HB 530, which takes effect July 30, preserves in state law the traditional approach to dissolution. But it also gives smaller towns a new chance to leave without needing to persuade the whole district.

Moving forward, if 60 percent of the break-off district’s voters opt to leave, that district may leave – unless a 60 percent supermajority of the whole cooperative district votes to block the effort.

The new law comes a year after some House Republicans had supported a bill, House Bill 1679, that would dissolve all cooperative school districts entirely by 2025, and require the school districts to rejoin if they wanted to continue. That bill was ultimately shelved by the House Education Committee.

To Rep. Rick Ladd, a Haverhill Republican and chairman of the House Education Committee, the new law helps address a longstanding issue without tipping the balance too far toward withdrawing towns.

“It places the bar very, very high, but it is one way to withdraw,” Ladd said. “And we feel that this is a compromise measure to allow this act to occur.”

New Hampshire’s cooperative districts were first created in 1947 as way to share resources among smaller towns.

Before cooperative districts, if a town’s school district wanted to send its students to another district’s schools and facilities, it needed to enter into a tuition agreement with the larger school district. That arrangement was not equal: The larger, receiving district would retain full control over the curriculum and budgets of its schools, while the sending district largely served in an advisory role.

Cooperative districts are structured more as a partnership. Individual school districts band together under an alliance, and decisions over facilities and curriculum are made jointly, by a “cooperative school district board” representing all of the districts. The arrangement allows small and rural towns and cities to pool tax revenues and give students access to more specialized facilities and instruction.

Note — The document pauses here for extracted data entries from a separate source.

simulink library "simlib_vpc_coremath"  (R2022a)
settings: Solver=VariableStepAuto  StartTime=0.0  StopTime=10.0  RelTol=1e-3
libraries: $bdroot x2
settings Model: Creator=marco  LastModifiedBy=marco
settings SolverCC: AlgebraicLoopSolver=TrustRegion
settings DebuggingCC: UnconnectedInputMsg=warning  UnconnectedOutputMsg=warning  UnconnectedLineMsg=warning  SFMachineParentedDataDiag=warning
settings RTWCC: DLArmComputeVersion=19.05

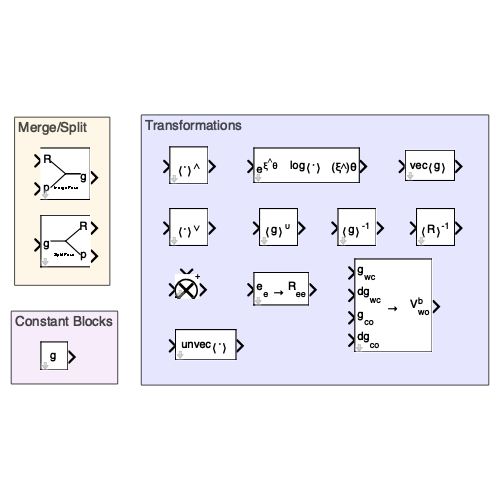
[thumbnail: Simulink's stored preview of the top-level diagram]
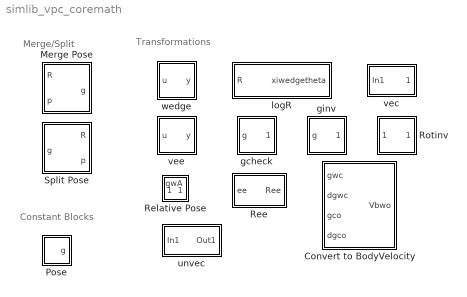
== system simlib_vpc_coremath ==
  note: Constant Blocks
  note: Transformations
  note: Merge/Split
  Convert to BodyVelocity : Subsystem  TreatAsAtomicUnit=on  mask(Convert to Body Velocity [V1]){}
      mask help:
      | Returns the body velocity V^b_{wo}.
      | Uses the inverse relation
      | V^b_{wo} = g_{wo}^{-1}\dot{g}_{wo}
      | with
      | \dot{g}_{wo} = \dot{g}_{wc}g_{co} + g_{wc}\dot{g}_{co}
      settings: MinAlgLoopOccurrences=on
      mask Help:
      | Refer to:
      | M. Omainska, J. Yamauchi, T. Beckers, T. Hatanaka, S. Hirche, and M.Fujita, <i>Gaussian Process Based Visual Pursuit Control with Unknown Target Motion Learning in Three Dimensions</i>, SICE Journal of Control, Measurement, and System Integration, Vol. 4, No. 1, pp. 001–009, January 2021.
      mask Display:
      | % Glitch in Matlab: If you define a line whose starting point and end point
      | % is equal, then the entire mask block is plotted in bold
      | plot([0,0],[0,0])
      | 
      | % Box
      | plot([0,1,1,0,0],[0,0,1,1,0])
      | 
      | % Write label
      | disp('\rightarrow','texmode','on')
      | 
      | % Label ports
      | port_label('input',1,'g_{wc}','texmode','on')
      | port_label('input',2,'dg_{wc}','texmode','on')
      | port_label('input',3,'g_{co}','texmode','on')
      | port_label('input',4,'dg_{co}','texmode','on')
      | port_label('output',1,'V^b_{wo}','texmode','on')
  Merge Pose : Subsystem  TreatAsAtomicUnit=on  mask(Merge pose [V1]){}
      mask help:
      | Forms pose as its homogeneous representation form:
      |
      | g = [R, p
      |         0, 1]
      |
      | The variables R and p denote the rotation matrix [size 3x3] and position vector [size 3], respectively.
      mask Help:
      | Refer to:
      | T. Hatanaka, N. Chopra, M. Fujita, and M. W. Spong, <i>Passivity-based Control and Estimation in Networked Robotics</i>, ser. Communications and Control Engineering. Springer, 2015.
      mask Display:
      | % Glitch in Matlab: If you define a line whose starting point and end point
      | % is equal, then the entire mask block is plotted in bold
      | plot([0.5,0.5],[0.5,0.5])
      | 
      | % "Fork"
      | plot([0.2,0.5,0.8],[0.75,0.5,0.5])
      | plot([0.2,0.5,0.8],[0.25,0.5,0.5])
      | plot([0,1,1,0],[0,0,1,1])
      | 
      | % Write label
      | text(0.3,0.3,'\fontsize{4}Merge Pose','texmode','on')
      | 
      | % Label ports
      | port_label('input',1,'R','texmode','on')
      | port_label('input',2,'p','texmode','on')
      | port_label('output',1,'g','texmode','on')
  Pose : Subsystem  TreatAsAtomicUnit=on  mask(Pose [V1]){R=[], p=[]}
      mask prompts: R "Rotation matrix R"; p "Position vector p"
      mask help:
      | Constant pose block.
      | Constructs a pose matrix from a rotation matrix and a position:
      |
      | g = [R, p
      |         0, 1]
      |
      | The variables R and p denote the rotation matrix [size 3x3] and position vector [size 3], respectively.
      mask init:
      | if isempty(R) || isscalar(R) && R == 0
      |     R = eye(3);
      | end
      | if isempty(p) || isscalar(p) && p == 0
      |     p = [0 0 0];
      | end
      | assert(all(size(R) == 3),'Invalid rotation matrix!');
      | assert(length(p(:)) == 3,'Invalid position vector!');
      | g_const = mergepose(R,p);
      mask Help:
      | Refer to:
      | T. Hatanaka, N. Chopra, M. Fujita, and M. W. Spong, <i>Passivity-based Control and Estimation in Networked Robotics</i>, ser. Communications and Control Engineering. Springer, 2015.
      mask Display:
      | % Glitch in Matlab: If you define a line whose starting point and end point
      | % is equal, then the entire mask block is plotted in bold
      | plot([0,0],[0,0])
      | 
      | % Box
      | plot([0,1,1,0,0],[0,0,1,1,0])
      | 
      | % Write label
      | blockpos = get_param(gcb,'Position');
      | x1 = blockpos(1); x2 = blockpos(3);
      | y1 = blockpos(2); y2 = blockpos(4);
      | if x2 - x1 >= 40 && y2 - y1 >= 40
      |     R = eval(get_param(gcb, 'R'));
      |     p = eval(get_param(gcb, 'p'));
      |     if isempty(R) || isscalar(R) && R == 0
      |         R = eye(3);
      |     end
      |     if isempty(p) || isscalar(p) && p == 0
      |         p = [0 0 0];
      |     end
      |     g = mergepose(R,p);
      |     %disp(strjoin(string(num2str(g,'% -.2g ')),'\n'));
      |     disp(string(num2str(g,'% -.2g ')));
      | else
      |     disp('g','texmode','on')
      | end
  Ree : Subsystem  TreatAsAtomicUnit=on  mask(Rotation Estimation Error [V1]){}
      mask help:
      | Returns the rotational error in the estimation.
      |
      | Under the assumption that the estimation error angle is bounded by |θ_ee| ≤ π/2, the estimation rotation error R = e^{xi^{∨}*θ_ee} can be calculated [2] by its vectorized skew-form skRv = sk(R)^{∨} as:
      | R = asin(||skRv||)/||skRv|| * skRv
      |
      | The input to this block can be either the estimation error ee [size 6], or directly the vee-transformed skew rotation error skRv [size 3].
      mask Help:
      | Refer to:
      | [1] T. Hatanaka, N. Chopra, M. Fujita, and M. W. Spong, <i>Passivity-based Control and Estimation in Networked Robotics</i>, ser. Communications and Control Engineering. Springer, 2015.
      | [2] T. Murao, H. Kawai, M. Fujita, <i>Predictive visual feedback control with eye-in/to-hand configuration via stabilizing receding horizon approach.</i> IFAC Proc Vol.2008;41(2):5341–5346.
      mask Display:
      | % Glitch in Matlab: If you define a line whose starting point and end point
      | % is equal, then the entire mask block is plotted in bold
      | plot([0,0],[0,0])
      | 
      | % Box
      | plot([0,1,1,0,0],[0,0,1,1,0])
      | 
      | % Write label
      | % disp('Rotation Estimation Error','texmode','on')
      | disp('\rightarrow ','texmode','on')
      | % disp('e^{\xi^{\wedge}\theta_{ee}}','texmode','on')
      | 
      | % Label ports
      | port_label('input',1,'e_e','texmode','on')
      | % port_label('output',1,'e^{\xi^{\wedge}\theta_{ee}}','texmode','on')
      | port_label('output',1,'R_{ee}','texmode','on')
  Relative Pose : Subsystem  TreatAsAtomicUnit=on  mask(Relative Pose Block [V1]){}
      mask help:
      | <!DOCTYPE html>
      | <html>
      | <body>
      |
      | <p>Simply returns the relative pose from frame A seen from frame B.</p>
      |
      | </body>
      | </html>
      settings: PortSchema="{\"entries\":[{\"content\":{\"sides\":[{\"content\":{\"connectorIds\":[\"In1\"]},\"type\":\"ConnectorPlacement.EquallySpacedRectSide\",\"uuid\":\"3d122c75-6063-48d0-bdc6-e48d95f4f0df\"},{\"content\":{\"connectorIds\":[\"Out1\"],\"side\":\"RIGHT\"},\"type\":\"ConnectorPlacement.EquallySpacedRectSide\",\"uuid\":\"6f2baba1-0bbd-4647-86ee-c97990dc6bd4\"},{\"content\":{\"connectorIds\":[\"In2\"],\"side\":\"TOP\"},\"type\":\"ConnectorPlacement.EquallySpacedRectSide\",\"uuid\":\"e6bc68d2-46ec-4597-a68e-7f59d26336ee\"},{\"content\":{\"connectorIds\":[],\"side\":\"HIDDEN\"},\"type\":\"ConnectorPlacement.EquallySpacedRectSide\",\"uuid\":\"d66c6085-c61f-489e-b38a-36804ae2ee0b\"}]},\"type\":\"ConnectorPlacement.EquallySpacedConnector\",\"uuid\":\"9cb4cf54-89e1-4d8f-a4cb-7cce930f6af0\"}],\"packageUris\":[\"http://schema.mathworks.com/mf0/Connector/R2020b\"],\"version\":\"1.0\"}"
      mask Help:
      | Refer to:
      | T. Hatanaka, N. Chopra, M. Fujita, and M. W. Spong, <i>Passivity-based Control and Estimation in Networked Robotics</i>, ser. Communications and Control Engineering. Springer, 2015.
      mask Display:
      | % Glitch in Matlab: If you define a line whose starting point and end point
      | % is equal, then the entire mask block is plotted in bold
      | % plot([0.5,0.5],[0.5,0.5])
      | 
      | % "x"
      | % xwidth = round(sqrt(0.5)/2,2);
      | % plot([0.5-xwidth, 0.5+xwidth],[0.5-xwidth, 0.5+xwidth])
      | % plot([0.5-xwidth, 0.5+xwidth],[0.5+xwidth, 0.5-xwidth])
      | 
      | % Draw circle
      | % r = 0.5;
      | % ang=round([0:0.3:2*pi, 2*pi],1);
      | % xp=r*cos(ang);
      | % yp=r*sin(ang);
      | % plot(0.5+xp,0.5+yp);
      | 
      | % Write label
      | text(0.02,0.1,'\fontsize{15}-','texmode','on')
      | % text(0.85,0.95,'\fontsize{10}+','texmode','on')
      | text(0.85,1,'\fontsize{8}+','texmode','on')
      | 
      | 
      | % Write label
      | % text(0.2,0.35,'\fontsize{15}-','texmode','on')
      | % text(0.55,0.75,'\fontsize{10}+','texmode','on')
      | 
      | % Write label
      | p=get_param(gcb,'Position');
      | size = min(p(3:4)-p(1:2));
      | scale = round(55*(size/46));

And in some cases, it helps to create financial balance between property-poor and property-rich communities.

Today, New Hampshire has around 30 cooperative school districts, most of which were formed in the 1950s and 1960s. But Ladd and others say that in the 60 years since, some of the towns in those districts have changed dramatically. Some have seen property values plummet or school enrollment swiftly decline. Those shifts can cause imbalances in resources that can make the arrangements more expensive for smaller towns, Ladd argues.

And critics of the current law have said the departure process creates too many hurdles. First, the school board of a pre-existing school district must conduct a review and send a feasibility plan to the State Board of Education making the case for leaving. Then, if the cooperative school board votes against the plan to leave, it must also file a report arguing against the breakup. The state board must then vote on which report it will accept, and only then can a special election be held among the voters.

That process creates too many points at which the cooperative district can thwart the withdrawal, Ladd argued. By allowing for a three-fifths supermajority to decide, some of that friction is reduced, he said.

Not all are in support of the new withdrawal law. In testimony to the House, Jason Call, a Jefferson resident, worried the bill would encourage “further animosity” between towns.

“Districts make decisions based on what is best for the entire district,” he said. “If it’s even easier to withdraw, districts will have even less incentive to make good long-term decisions if they are always wondering if they will lose substantial numbers of students or significant valuation.”

Barbara Widger, of Manchester, had a different concern.

“This is likely to harm already property-tax-poor towns,” she said in her testimony.